The only instances of “the anointing” upon believers in the New Testament are found in 2 Corinthians 1:21-22 and in 1 John 2:20 & 27. In the first, “the anointing” refers to the Lord’s seal of ownership on every believer in Jesus Christ. In the second, the anointing teaches us—meaning all believers—about all things and enables us to know the truth. There is absolutely no mention of “the anointing” on New Testament believers to minister to others in some supernatural fashion.

There are, however, instances of an “anointing” in the Old Testament which enabled Israelites kings to lead their people to victory over their enemies, and by which priests and prophets ministered to God’s people. This anointing, however, is limited strictly to the Old Testament. Anointed kings, priests, and prophets in the Old Testament were all shadows and types all of which have now been fulfilled in our Lord Jesus Christ. He is the only One in the New Testament who is anointed to save, to heal, and to make whole.

What happens when New Testament believers seek after an anointing to minister to others—found only in the Old Testament?


Do so at your own risk…


Let us look at some prominent anointed figures in the Old Testament: King Saul, King David, and King Solomon. All three started out well leading the Israelites, witnessing great victories and blessings from the Lord. David and Solomon were also personally intimate with the Lord. But eventually all three fell into sin near the end of their lives, displeasing the Lord. How could this be?

Now let’s look at the cherub Lucifer who—unlike us human beings—was created absolutely perfect. He was anointed by God. What happened to him?

Ezekiel 28:15 You were perfect in your ways from the day that you were created, 14 You were the anointed cherub that covers, and I had put you in the holy height of God where you were; you have walked up and down in the midst of the stones of fire. …17 Your heart became proud on account of your beauty, and you corrupted your wisdom because of your splendor. So I threw you to the earth; (MKJV)
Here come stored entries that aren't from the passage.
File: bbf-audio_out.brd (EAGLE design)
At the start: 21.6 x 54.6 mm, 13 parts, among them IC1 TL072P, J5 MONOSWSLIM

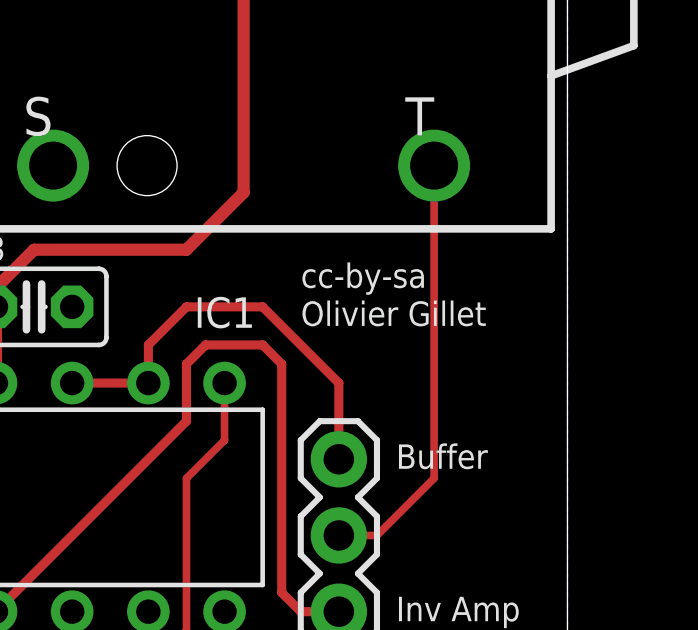
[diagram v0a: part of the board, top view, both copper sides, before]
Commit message: update names on boards and schematics
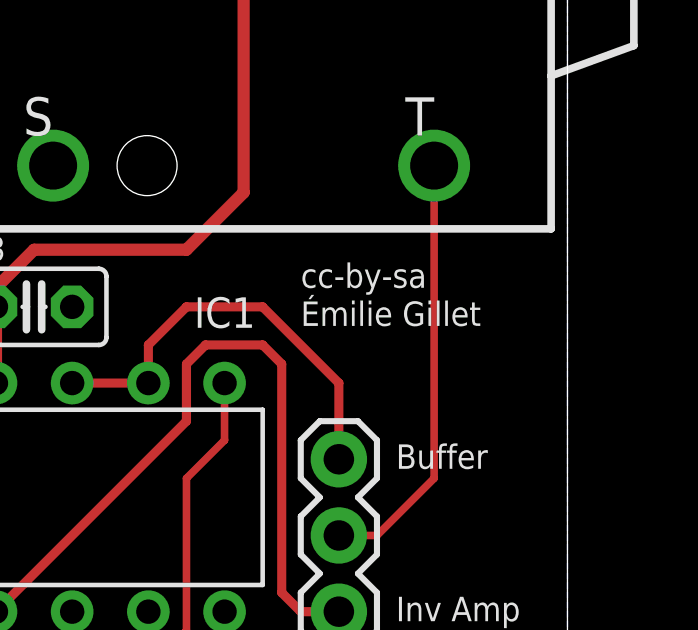
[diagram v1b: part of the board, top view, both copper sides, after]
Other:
- board text added: "Émilie Gillet"
- board text removed: "Olivier Gillet"
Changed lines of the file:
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@@
 <text x="25.4" y="33.9725" size="0.8128" layer="21" ratio="15">&gt;Out</text>
 <text x="22.225" y="42.545" size="0.8128" layer="25" ratio="15">cc-by-sa</text>
-<text x="22.225" y="41.275" size="0.8128" layer="25" ratio="15">Olivier Gillet</text>
+<text x="22.225" y="41.275" size="0.8128" layer="25" ratio="15">Émilie Gillet</text>
 </plain>
 <attributes>

Lucifer became proud. He wanted to be God. And he fell. Now we know him as Satan.

“How you have fallen from heaven, morning star, son of the dawn! You have been cast down to the earth, you who once laid low the nations! You said in your heart, “I will ascend to the heavens; I will raise my throne above the stars of God; I will sit enthroned on the mount of assembly, on the utmost heights of Mount Zaphon. I will ascend above the tops of the clouds; I will make myself like the Most High.” But you are brought down to the realm of the dead, to the depths of the pit.” (Isaiah 14:12-15)

Amazingly, even the perfect creature Lucifer could not resist the pride that comes from being anointed. Similarly, Saul, David, and Solomon were unable to resist the pride that comes from being anointed by God such that everything they set their hand to do was fruitful and successful. They began to take God for granted. They ended up no longer fearing God and so eventually sinned against Him.

Could it be that the Old Testament “anointing” to minister to others as coveted by some servants of God today is not meant for imperfect, fallible human beings?  Could it be that it is reserved for Deity alone—the Lord Jesus Christ?

That is exactly what we see taught in the New Testament: Our Lord Jesus Christ is the only one in New Testament scripture who is anointed to save, to heal, to make whole, to restore, and to preserve. Let us therefore think twice about coveting this anointing—perhaps it is not meant for us.

Scripture teaches that we have already been given supernatural power and authority over disease and demons to be used in proclaiming the kingdom of God very fruitfully to the lost (Luke 9:1-2; Luke 10:9), as well as the supernatural gifts of the Holy Spirit (1 Corinthians 12) to edify and minister very effectively to God’s people. We do not need to covet “the anointing.” But if you choose to, do so at your own risk.